Keras allows you to define your own quantizer by subclassing keras.quantizers.Quantizer.
Below is an implementation of a PercentileQuantizer that sets the scale based on a specified percentile of the absolute values.
from keras.quantizers import Quantizer
from keras import backend
class PercentileQuantizer(Quantizer):
"""Quantizes x using the percentile-based scale."""
def __init__(
self,
percentile=99.9,
value_range=(-127, 127), # Default range for int8
epsilon=backend.epsilon(),
output_dtype="int8", # Default dtype for int8
):
super().__init__(output_dtype=output_dtype)
self.percentile = percentile
self.value_range = value_range
self.epsilon = epsilon
def __call__(self, x, axis, to_numpy=False):
"""Quantizes x using the percentile-based scale.

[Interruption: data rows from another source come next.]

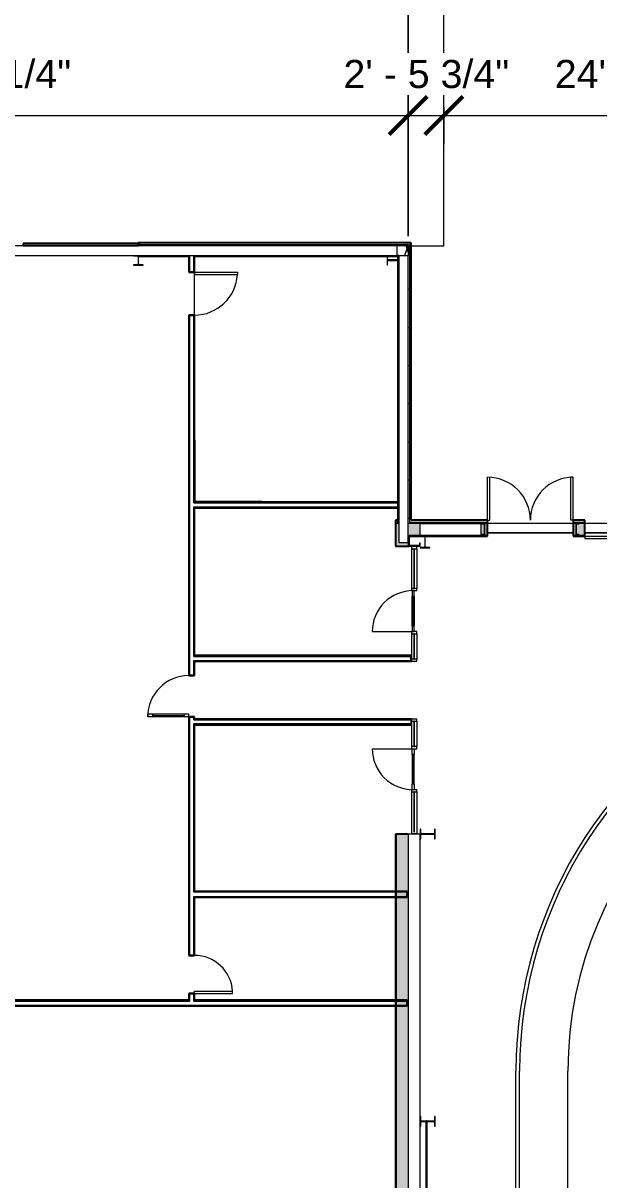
# Model space of a CAD drawing. Header units: inches. Extents: x 1 to 27263, y -26002 to 5769.
# Drawn here: x 22459 to 22941, y -21675 to -20705 of the extents above; entities that cross this region are included whole.
import ezdxf

# ---------------------------------------------------------------- set-up
doc = ezdxf.new("R2010")
doc.units = ezdxf.units.IN
doc.header["$MEASUREMENT"] = 0
for name, color, linetype, lineweight in [('A-ANNO-DIMS', 211, 'Continuous', 9), ('A-ANNO-DIMS-256', 211, 'Continuous', 9), ('A-DOOR', 31, 'Continuous', 9), ('A-DOOR-GLAZ', 31, 'Continuous', 15), ('A-FLOR', 192, 'Continuous', 9), ('A-FLOR-HRAL', 11, 'Continuous', 9), ('A-FLOR-OTLN', 90, 'Continuous', 9), ('A-GLAZ-CURT', 52, 'Continuous', 9), ('A-GLAZ-CWMG', 51, 'Continuous', 9), ('A-WALL', 113, 'Continuous', 9), ('A-WALL-PATT', 111, 'Continuous', 25), ('EOP-PR', 4, 'Continuous', 9), ('I-WALL', 2, 'Continuous', 9), ('L-SITE-WALL', 31, 'Continuous', 9), ('S-BEAM', 12, 'Continuous', 9), ('S-COLS', 52, 'Continuous', 9)]:
    doc.layers.add(name, color=color, linetype=linetype, lineweight=lineweight)
doc.styles.add('Arial_1', font='arial.ttf', dxfattribs={"height": 23.60479})
doc.dimstyles.new('Linear_-_3_32__Arial_1', dxfattribs={"dimscale": 12, "dimtxt": 24, "dimasz": 2.666667, "dimexe": 2, "dimexo": 1.333333, "dimgap": 1.333333, "dimtad": 1, "dimrnd": 0.25, "dimzin": 1, "dimdsep": 46, "dimlunit": 4, "dimtxsty": 'Arial_1', "dimblk1": 'OBLIQUE', "dimblk2": 'OBLIQUE', "dimsah": 1, "dimcen": 0.09, "dimdle": 2, "dimazin": 0, "dimtfac": 1, "dimtdec": 4, "dimtix": 1, "dimtmove": 0, "dimatfit": 3, "dimfxl": 1, "dimtvp": 1, "dimtfill": 1, "dimfrac": 2, "dimtolj": 1, "dimtzin": 0, "dimarcsym": 2})
pattern_1 = [(0, (0, 0), (81.92, 20.48), [3.379, -58.061, 3.379, -58.061, -327.68]), (0, (0, 0), (81.92, 20.48), [-122.88, 3.379, -119.501, 3.379, -58.061, -143.36]), (0, (0, 0), (81.92, 20.48), [-307.2, 3.379, -37.581, 3.379, -99.021]), (120, (30.72, 10.24), (-58.6962, 60.704801), [3.379, -58.061, 3.379, -58.061, -327.68]), (120, (30.72, 10.24), (-58.6962, 60.704801), [-122.88, 3.379, -119.501, 3.379, -58.061, -143.36]), (120, (30.72, 10.24), (-58.6962, 60.704801), [-307.2, 3.379, -37.581, 3.379, -99.021]), (240, (40.96, 51.2), (-23.2238, -81.184801), [3.379, -58.061, 3.379, -58.061, -327.68]), (240, (40.96, 51.2), (-23.2238, -81.184801), [-122.88, 3.379, -119.501, 3.379, -58.061, -143.36]), (240, (40.96, 51.2), (-23.2238, -81.184801), [-307.2, 3.379, -37.581, 3.379, -99.021])]
pattern_2 = [(0, (0, 0), (0, 32), []), (90, (0, 0), (-32, 2e-15), [])]
pattern_3 = [(161.57, (1.28, 1.28), (-10.24040374, -0.00056827), [0, -72.858, 8.09, 0]), (18.43, (-1.28, 1.28), (-10.24040374, 0.00056827), [0, -72.858, 8.09, 0]), (108.43, (1.28, 1.28), (5.1184649, -25.6019259), [24.282, -56.666]), (71.57, (-1.28, 1.28), (5.1184649, 25.6019259), [24.282, -56.666])]
pattern_4 = [(45, (0, 0), (-25.342707, 25.342707), []), (45, (0, 38.4), (-25.342707, 25.342707), [])]

# ---------------------------------------------------------------- blocks, each defined once
blk = doc.blocks.new('Struct_Xcel_Sports Complex_rvt-1-Site Plan - Phase 1')
at = {"layer": 'A-FLOR', "color": 7}
for p, q in [((22602.62, -21105.85), (22602.19, -20900.3)), ((22771.13, -21106.55), (22602.62, -21105.85)), ((22847.77, -21132.3), (22919.77, -21132.3)), ((22929.52, -21132.3), (23037.52, -21132.3))]:
    blk.add_line(p, q, dxfattribs=at)
at = {"layer": 'L-SITE-WALL', "color": 7}
for p, q in [((22847.77, -21124.3), (22919.77, -21124.3)), ((22919.77, -21132.3), (22847.77, -21132.3)), ((22929.52, -21124.3), (23037.52, -21124.3)), ((23037.52, -21132.3), (22929.52, -21132.3))]:
    blk.add_line(p, q, dxfattribs=at)
blk = doc.blocks.new('Single-Glass 1 - 2_  10 7_16_ x96_-1318953-Site Plan - Phase 1')
at = {"layer": 'A-DOOR', "lineweight": 13}
for p, q in [((15.21875, -2.375), (15.21875, -6.375)), ((17.21875, -2.375), (15.21875, -2.375)), ((15.21875, -6.375), (17.21875, -6.375)), ((17.21875, -2.375), (17.21875, -6.375)), ((15.21875, -32.8125), (15.21875, -36.8125)), ((15.21875, -32.8125), (17.21875, -32.8125)), ((17.21875, -36.8125), (15.21875, -36.8125)), ((17.21875, -32.8125), (17.21875, -36.8125))]:
    blk.add_line(p, q, dxfattribs=at)
at = {"layer": 'A-DOOR'}
for p, q in [((15.21875, -6.375), (15.21875, -32.8125)), ((17.21875, -6.375), (17.21875, -32.8125))]:
    blk.add_line(p, q, dxfattribs=at)
blk.add_arc((17.21875, -2.375), 34.4375, 180, 270, dxfattribs=at)
at = {"layer": 'A-DOOR-GLAZ'}
blk.add_line((16.21875, -32.8125), (16.21875, -6.375), dxfattribs=at)
blk = doc.blocks.new('Single-Flush - 36_ x 84_-1318930-Site Plan - Phase 1')
at = {"layer": 'A-DOOR', "lineweight": 13}
for p, q in [((16, -2.37), (16, -38.39)), ((18, -2.37), (16, -2.37)), ((18, -2.37), (18, -38.39)), ((18, -38.39), (16, -38.39))]:
    blk.add_line(p, q, dxfattribs=at)
at = {"layer": 'A-DOOR'}
blk.add_arc((18, -2.37), 36.07, 180, 266.82115, dxfattribs=at)
blk = doc.blocks.new('Double-Flush - 72_ x 96_-983185-Site Plan - Phase 1')
at = {"layer": 'A-DOOR', "lineweight": 13}
for p, q in [((-36, -6.63), (-36, -42.63)), ((-36, -6.63), (-34, -6.63)), ((-34, -6.63), (-34, -42.63)), ((34, -6.63), (34, -42.57)), ((36, -6.63), (34, -6.63)), ((36, -6.63), (36, -42.63)), ((-36, -42.63), (-34, -42.63))]:
    blk.add_line(p, q, dxfattribs=at)
at = {"layer": 'A-DOOR'}
for centre, start, end in [((-36, -6.63), 270, 360), ((36, -6.63), 180, 270)]:
    blk.add_arc(centre, 36, start, end, dxfattribs=at)
blk = doc.blocks.new('overhead door - one-983186-Site Plan - Phase 1')
at = {"layer": 'A-DOOR'}
for p, q in [((54, -7), (-54, -7)), ((-54, -7), (-54, -8.75)), ((-54, -8.75), (54, -8.75)), ((54, -8.75), (54, -7))]:
    blk.add_line(p, q, dxfattribs=at)
blk = doc.blocks.new('Top Rail Type - Top Rail_Internal_-939601-Site Plan - Phase 1')
at = {"layer": 'A-FLOR-HRAL'}
for p, q in [((22871.73, -21906.05), (22871.73, -21584.05)), ((22874.78, -21906.05), (22874.78, -21584.05))]:
    blk.add_line(p, q, dxfattribs=at)
for radius, start in [(361.52, 114.32021), (358.48, 114.0064)]:
    blk.add_arc((23233.26, -21584.05), radius, start, 180, dxfattribs=at)
blk = doc.blocks.new('Girt_C - 8_D-1279893-Site Plan - Phase 1')
at = {"layer": 'S-BEAM'}
for p, q in [((22771.89, -20891.55), (22073.14, -20891.55)), ((22073.14, -20891.74), (22073.14, -20891.55)), ((22073.14, -20899.37), (22073.14, -20891.74)), ((22073.14, -20899.55), (22073.14, -20899.37)), ((22073.14, -20899.55), (22771.89, -20899.55)), ((22771.89, -20891.55), (22771.89, -20891.74)), ((22771.89, -20891.74), (22771.89, -20899.37)), ((22771.89, -20899.37), (22771.89, -20899.55))]:
    blk.add_line(p, q, dxfattribs=at)
blk = doc.blocks.new('Girt_C - 8_D-1254109-Site Plan - Phase 1')
at = {"layer": 'S-BEAM'}
for p, q in [((22773.39, -20899.55), (22773.39, -21140.84)), ((22773.39, -20899.55), (22773.58, -20899.55)), ((22773.58, -20899.55), (22781.2, -20899.55)), ((22781.2, -20899.55), (22781.39, -20899.55)), ((22781.39, -21140.84), (22781.39, -20899.55)), ((22773.58, -21140.84), (22773.39, -21140.84)), ((22781.2, -21140.84), (22773.58, -21140.84)), ((22781.39, -21140.84), (22781.2, -21140.84))]:
    blk.add_line(p, q, dxfattribs=at)
blk = doc.blocks.new('Girt_C - 10_D-1253530-Site Plan - Phase 1')
at = {"layer": 'S-BEAM'}
for p, q in [((22781.39, -21385.05), (22781.39, -22273.16)), ((22781.39, -21385.05), (22781.58, -21385.05)), ((22781.58, -21385.05), (22791.2, -21385.05)), ((22791.2, -21385.05), (22791.39, -21385.05)), ((22791.39, -22273.16), (22791.39, -21385.05)), ((22781.58, -22273.16), (22781.39, -22273.16)), ((22791.2, -22273.16), (22781.58, -22273.16)), ((22791.39, -22273.16), (22791.2, -22273.16))]:
    blk.add_line(p, q, dxfattribs=at)
blk = doc.blocks.new('Girt_Z - 10_D-1263224-Site Plan - Phase 1')
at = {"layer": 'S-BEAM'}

`to_numpy` can be set to True to perform the computation on the host CPU,
which saves device memory.
"""
# 1. Compute the percentile value of absolute inputs
x_abs = ops.abs(x)
if to_numpy:
x_np = ops.convert_to_numpy(x_abs)
max_val = np.percentile(x_np, self.percentile, axis=axis, keepdims=True)
else:
max_val = ops.quantile(
x_abs, self.percentile / 100, axis=axis, keepdims=True
)
# 2. Compute scale
# scale = range_max / max_val
# We ensure max_val is at least epsilon
scale = ops.divide(self.value_range[1], ops.add(max_val, self.epsilon))
if not to_numpy:
scale = ops.cast(scale, backend.standardize_dtype(x.dtype))
# 3. Quantize
# q = x * scale
outputs = ops.multiply(x, scale)
outputs = ops.clip(ops.round(outputs), self.value_range[0], self.value_range[1])
outputs = ops.cast(outputs, self.output_dtype)
return outputs, scale
def get_config(self):
"""Returns the config of the quantizer for serialization support."""
return {
"percentile": self.percentile,
"value_range": self.value_range,
"epsilon": self.epsilon,
"output_dtype": self.output_dtype,
}
Now we can use this PercentileQuantizer in our configuration.
model = get_model()
# Use the custom quantizer for activations
custom_int8_config = Int8QuantizationConfig(
weight_quantizer=AbsMaxQuantizer(axis=0),
activation_quantizer=PercentileQuantizer(percentile=99.9),
)
model.quantize(config=custom_int8_config)
# Verify the integration
print(
"Layer 0 uses custom activation quantizer:",
isinstance(model.layers[0].inputs_quantizer, PercentileQuantizer),
)
Layer 0 uses custom activation quantizer: True
With QuantizationConfig, you are no longer limited to stock quantization options.
Whether you need weight-only quantization or custom quantizers for specialized hardware or research,
Keras provides the modularity to build exactly what you need.